◆ What the task asks ◆
There is one span to output from the data below: the lines starting at the line with "(outputformat 1)" and ending at the line with "26.05) (layer F.SilkS)". Output it exactly, ends included, nothing more.

◆ Source data ◆
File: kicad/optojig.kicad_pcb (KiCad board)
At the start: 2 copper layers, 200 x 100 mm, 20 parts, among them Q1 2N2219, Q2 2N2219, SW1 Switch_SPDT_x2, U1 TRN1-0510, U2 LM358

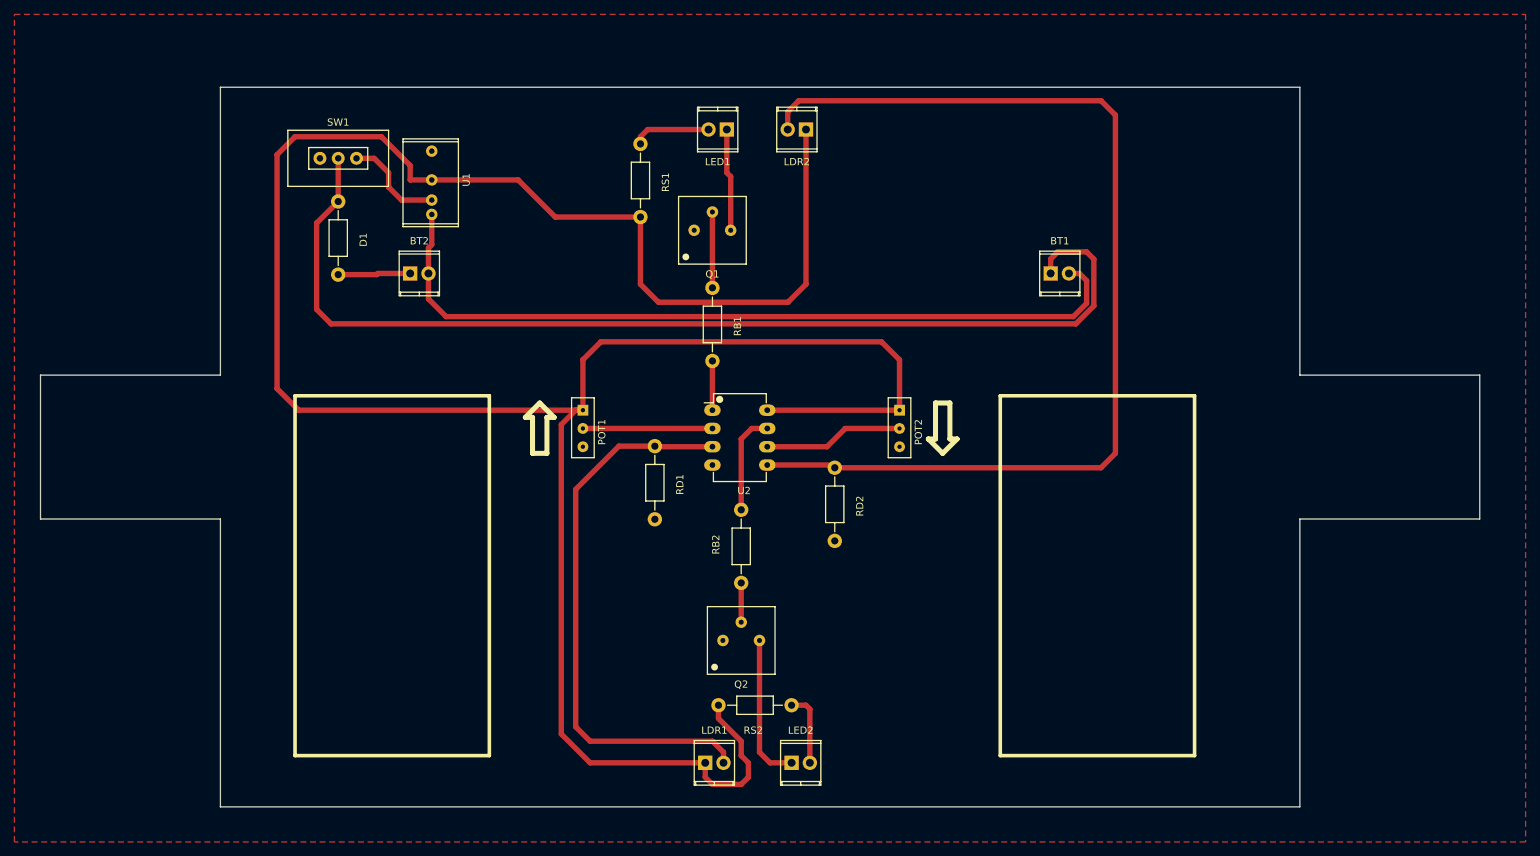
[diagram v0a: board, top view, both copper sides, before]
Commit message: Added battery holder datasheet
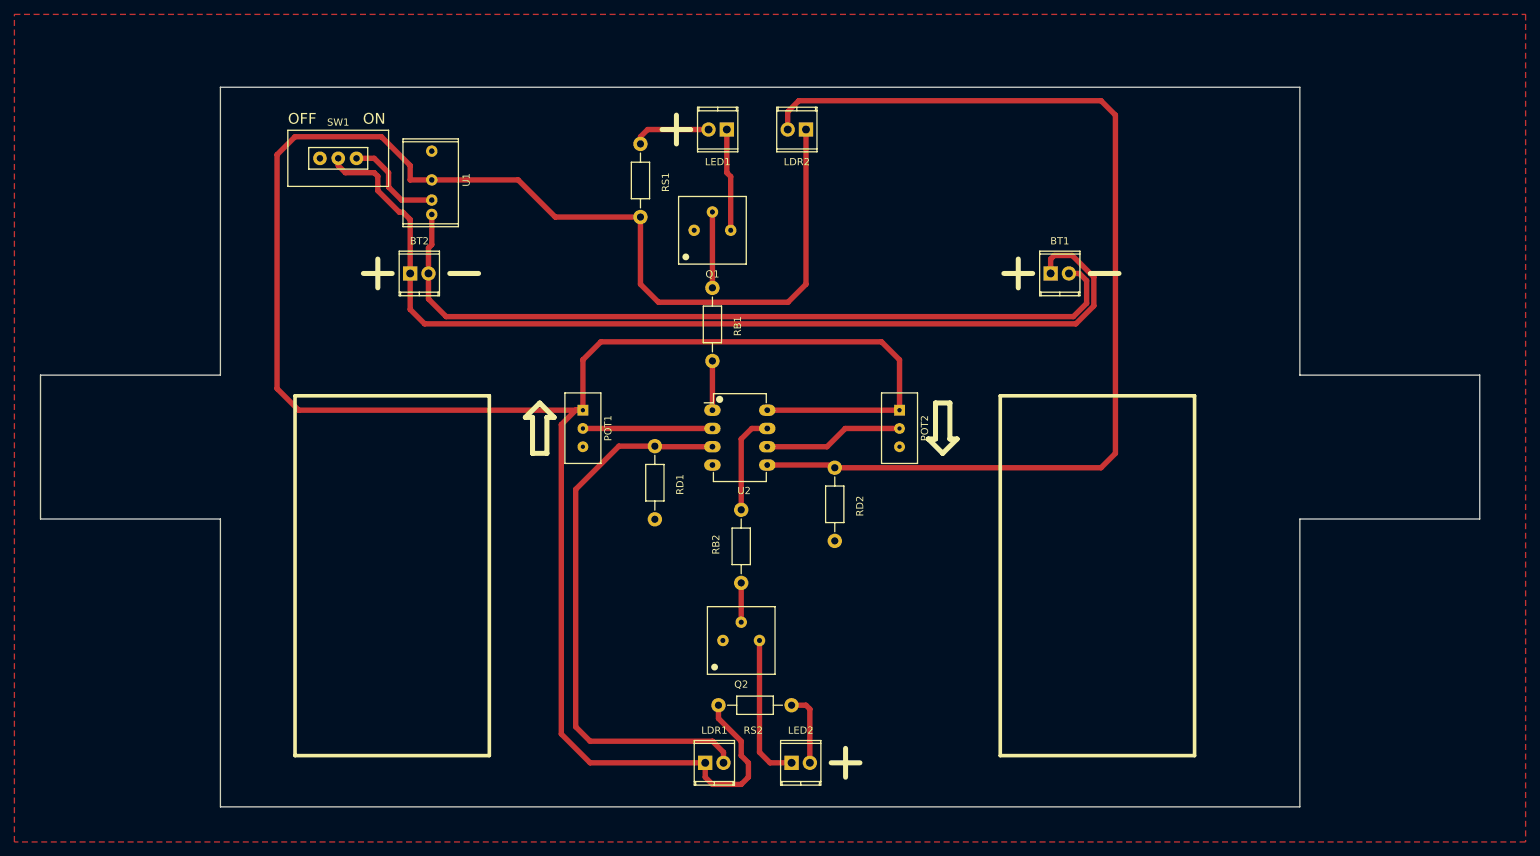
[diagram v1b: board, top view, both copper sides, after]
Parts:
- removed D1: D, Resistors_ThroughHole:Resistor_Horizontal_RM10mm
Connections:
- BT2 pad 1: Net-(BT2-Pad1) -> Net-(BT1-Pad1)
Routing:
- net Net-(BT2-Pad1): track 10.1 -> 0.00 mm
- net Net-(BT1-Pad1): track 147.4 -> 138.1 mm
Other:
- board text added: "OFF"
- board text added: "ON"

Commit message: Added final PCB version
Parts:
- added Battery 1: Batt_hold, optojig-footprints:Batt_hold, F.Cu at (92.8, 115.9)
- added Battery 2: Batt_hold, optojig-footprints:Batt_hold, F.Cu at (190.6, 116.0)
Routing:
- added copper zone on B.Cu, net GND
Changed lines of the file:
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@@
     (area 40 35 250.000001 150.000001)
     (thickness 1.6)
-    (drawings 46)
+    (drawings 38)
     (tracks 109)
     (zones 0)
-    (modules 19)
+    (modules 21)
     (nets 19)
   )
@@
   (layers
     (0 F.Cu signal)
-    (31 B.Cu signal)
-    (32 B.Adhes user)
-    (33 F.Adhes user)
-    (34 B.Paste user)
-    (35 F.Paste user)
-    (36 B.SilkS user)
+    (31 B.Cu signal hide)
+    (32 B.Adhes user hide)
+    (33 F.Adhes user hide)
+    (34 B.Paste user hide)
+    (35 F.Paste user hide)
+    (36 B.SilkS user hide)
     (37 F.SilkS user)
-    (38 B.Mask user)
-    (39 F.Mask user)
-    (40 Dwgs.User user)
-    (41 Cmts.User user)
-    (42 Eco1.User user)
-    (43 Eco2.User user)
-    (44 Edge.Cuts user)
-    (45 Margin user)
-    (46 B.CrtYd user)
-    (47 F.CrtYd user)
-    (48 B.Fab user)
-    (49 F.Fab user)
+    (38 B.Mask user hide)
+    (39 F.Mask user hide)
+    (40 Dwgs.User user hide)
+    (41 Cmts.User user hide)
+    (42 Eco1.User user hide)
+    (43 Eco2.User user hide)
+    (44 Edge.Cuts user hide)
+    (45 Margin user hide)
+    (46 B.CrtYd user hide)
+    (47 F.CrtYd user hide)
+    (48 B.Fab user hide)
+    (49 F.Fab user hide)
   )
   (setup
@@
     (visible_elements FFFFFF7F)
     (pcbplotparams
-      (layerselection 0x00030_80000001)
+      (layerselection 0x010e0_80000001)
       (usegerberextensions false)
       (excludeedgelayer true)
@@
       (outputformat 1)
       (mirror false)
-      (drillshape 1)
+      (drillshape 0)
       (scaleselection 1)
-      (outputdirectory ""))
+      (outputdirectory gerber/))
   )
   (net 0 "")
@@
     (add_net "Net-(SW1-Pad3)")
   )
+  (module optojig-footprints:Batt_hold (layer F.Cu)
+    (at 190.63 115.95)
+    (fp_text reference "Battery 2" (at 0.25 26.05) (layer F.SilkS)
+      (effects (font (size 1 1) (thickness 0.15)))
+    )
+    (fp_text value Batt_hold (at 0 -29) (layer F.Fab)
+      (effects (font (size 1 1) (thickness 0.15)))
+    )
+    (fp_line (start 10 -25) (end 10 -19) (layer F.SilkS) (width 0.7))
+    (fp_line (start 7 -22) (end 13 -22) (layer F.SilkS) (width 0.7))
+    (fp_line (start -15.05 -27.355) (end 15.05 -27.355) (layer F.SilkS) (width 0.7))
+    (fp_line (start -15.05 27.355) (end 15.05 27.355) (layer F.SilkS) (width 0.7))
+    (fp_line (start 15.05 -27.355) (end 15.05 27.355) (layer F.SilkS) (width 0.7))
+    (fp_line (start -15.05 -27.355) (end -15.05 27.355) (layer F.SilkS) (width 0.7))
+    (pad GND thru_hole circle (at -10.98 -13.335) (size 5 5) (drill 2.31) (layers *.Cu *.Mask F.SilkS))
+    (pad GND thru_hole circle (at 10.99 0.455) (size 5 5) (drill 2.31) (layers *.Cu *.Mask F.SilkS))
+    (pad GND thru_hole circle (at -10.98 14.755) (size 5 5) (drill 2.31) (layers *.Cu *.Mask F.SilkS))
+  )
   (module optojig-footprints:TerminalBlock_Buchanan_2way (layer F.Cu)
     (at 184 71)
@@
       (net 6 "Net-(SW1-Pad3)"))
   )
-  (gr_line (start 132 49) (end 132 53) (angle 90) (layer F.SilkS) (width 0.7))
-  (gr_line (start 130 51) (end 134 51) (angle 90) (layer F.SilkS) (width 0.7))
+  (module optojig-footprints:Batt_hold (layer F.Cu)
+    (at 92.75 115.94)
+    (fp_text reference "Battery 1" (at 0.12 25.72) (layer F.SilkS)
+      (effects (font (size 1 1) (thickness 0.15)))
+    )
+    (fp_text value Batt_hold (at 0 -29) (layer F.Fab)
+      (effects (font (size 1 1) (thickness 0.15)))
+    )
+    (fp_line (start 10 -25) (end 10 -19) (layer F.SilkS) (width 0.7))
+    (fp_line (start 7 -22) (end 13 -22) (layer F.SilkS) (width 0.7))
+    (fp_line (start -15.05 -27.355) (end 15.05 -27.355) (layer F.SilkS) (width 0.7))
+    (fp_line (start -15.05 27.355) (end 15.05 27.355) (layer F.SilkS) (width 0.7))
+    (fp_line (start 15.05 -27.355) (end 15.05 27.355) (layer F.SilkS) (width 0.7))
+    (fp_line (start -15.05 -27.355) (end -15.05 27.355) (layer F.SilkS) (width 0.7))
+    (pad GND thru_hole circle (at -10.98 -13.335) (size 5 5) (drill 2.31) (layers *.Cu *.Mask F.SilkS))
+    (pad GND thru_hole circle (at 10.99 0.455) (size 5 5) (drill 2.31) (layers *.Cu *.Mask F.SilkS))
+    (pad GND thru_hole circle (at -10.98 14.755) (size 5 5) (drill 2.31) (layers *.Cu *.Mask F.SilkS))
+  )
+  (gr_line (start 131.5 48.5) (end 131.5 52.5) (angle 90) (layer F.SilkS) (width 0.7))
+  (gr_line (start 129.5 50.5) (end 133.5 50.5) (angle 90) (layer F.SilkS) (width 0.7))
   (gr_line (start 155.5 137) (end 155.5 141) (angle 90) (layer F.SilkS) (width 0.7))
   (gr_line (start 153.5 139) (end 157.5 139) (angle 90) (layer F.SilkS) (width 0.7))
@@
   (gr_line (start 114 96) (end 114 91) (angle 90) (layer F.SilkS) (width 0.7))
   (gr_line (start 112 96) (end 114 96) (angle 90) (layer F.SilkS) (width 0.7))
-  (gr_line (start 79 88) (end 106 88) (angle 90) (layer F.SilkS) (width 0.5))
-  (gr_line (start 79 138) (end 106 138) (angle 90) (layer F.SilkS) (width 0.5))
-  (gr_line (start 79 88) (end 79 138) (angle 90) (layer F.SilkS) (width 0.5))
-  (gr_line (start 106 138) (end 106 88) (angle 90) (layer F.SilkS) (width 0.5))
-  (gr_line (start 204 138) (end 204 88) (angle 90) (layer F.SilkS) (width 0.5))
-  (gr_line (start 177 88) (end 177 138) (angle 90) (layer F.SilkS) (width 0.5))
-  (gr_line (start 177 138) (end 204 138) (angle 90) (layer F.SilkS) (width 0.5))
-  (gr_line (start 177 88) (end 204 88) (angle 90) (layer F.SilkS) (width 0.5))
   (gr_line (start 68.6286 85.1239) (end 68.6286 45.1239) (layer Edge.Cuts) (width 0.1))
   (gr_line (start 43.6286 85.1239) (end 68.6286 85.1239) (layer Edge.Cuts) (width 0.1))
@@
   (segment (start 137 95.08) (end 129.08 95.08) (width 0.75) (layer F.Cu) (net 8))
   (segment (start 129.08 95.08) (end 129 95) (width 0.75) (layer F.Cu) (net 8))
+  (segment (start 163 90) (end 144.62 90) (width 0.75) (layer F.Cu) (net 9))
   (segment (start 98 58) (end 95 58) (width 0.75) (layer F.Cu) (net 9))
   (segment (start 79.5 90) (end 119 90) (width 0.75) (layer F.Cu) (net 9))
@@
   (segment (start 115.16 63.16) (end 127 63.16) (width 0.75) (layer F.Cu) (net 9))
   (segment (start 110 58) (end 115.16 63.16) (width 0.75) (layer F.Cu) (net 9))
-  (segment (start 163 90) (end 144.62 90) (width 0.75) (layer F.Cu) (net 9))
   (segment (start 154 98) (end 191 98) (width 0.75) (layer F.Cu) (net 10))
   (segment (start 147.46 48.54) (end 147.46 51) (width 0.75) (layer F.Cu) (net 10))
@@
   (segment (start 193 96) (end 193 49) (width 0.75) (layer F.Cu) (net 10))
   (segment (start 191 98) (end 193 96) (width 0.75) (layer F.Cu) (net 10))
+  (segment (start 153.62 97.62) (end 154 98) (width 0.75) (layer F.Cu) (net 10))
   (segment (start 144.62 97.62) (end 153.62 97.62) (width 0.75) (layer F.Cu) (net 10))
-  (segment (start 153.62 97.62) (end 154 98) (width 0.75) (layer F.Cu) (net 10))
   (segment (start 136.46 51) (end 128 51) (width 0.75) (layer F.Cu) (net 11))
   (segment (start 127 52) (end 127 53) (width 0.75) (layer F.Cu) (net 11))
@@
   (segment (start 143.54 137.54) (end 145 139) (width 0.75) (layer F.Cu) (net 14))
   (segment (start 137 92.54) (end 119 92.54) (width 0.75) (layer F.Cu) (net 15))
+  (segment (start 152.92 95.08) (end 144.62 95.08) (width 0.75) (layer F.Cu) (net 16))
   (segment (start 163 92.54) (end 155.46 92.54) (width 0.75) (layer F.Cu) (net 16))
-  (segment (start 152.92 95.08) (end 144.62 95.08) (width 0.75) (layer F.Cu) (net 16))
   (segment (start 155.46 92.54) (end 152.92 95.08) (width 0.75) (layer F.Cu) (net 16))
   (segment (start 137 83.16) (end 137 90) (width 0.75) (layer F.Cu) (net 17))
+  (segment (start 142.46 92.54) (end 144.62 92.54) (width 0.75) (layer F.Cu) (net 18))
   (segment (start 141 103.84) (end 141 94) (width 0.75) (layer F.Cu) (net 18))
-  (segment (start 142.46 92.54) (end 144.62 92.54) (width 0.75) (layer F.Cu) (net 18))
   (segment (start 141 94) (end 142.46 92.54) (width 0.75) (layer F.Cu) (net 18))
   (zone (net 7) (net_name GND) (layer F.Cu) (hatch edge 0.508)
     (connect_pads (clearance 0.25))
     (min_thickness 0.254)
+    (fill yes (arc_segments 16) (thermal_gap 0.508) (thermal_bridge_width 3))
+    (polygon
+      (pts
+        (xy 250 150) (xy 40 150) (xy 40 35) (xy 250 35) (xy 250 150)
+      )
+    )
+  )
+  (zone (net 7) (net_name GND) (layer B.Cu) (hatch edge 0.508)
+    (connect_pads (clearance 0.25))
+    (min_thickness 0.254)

◆ Completed task ◆
       (outputformat 1)
       (mirror false)
-      (drillshape 1)
+      (drillshape 0)
       (scaleselection 1)
-      (outputdirectory ""))
+      (outputdirectory gerber/))
   )
   (net 0 "")
@@
     (add_net "Net-(SW1-Pad3)")
   )
+  (module optojig-footprints:Batt_hold (layer F.Cu)
+    (at 190.63 115.95)
+    (fp_text reference "Battery 2" (at 0.25 26.05) (layer F.SilkS)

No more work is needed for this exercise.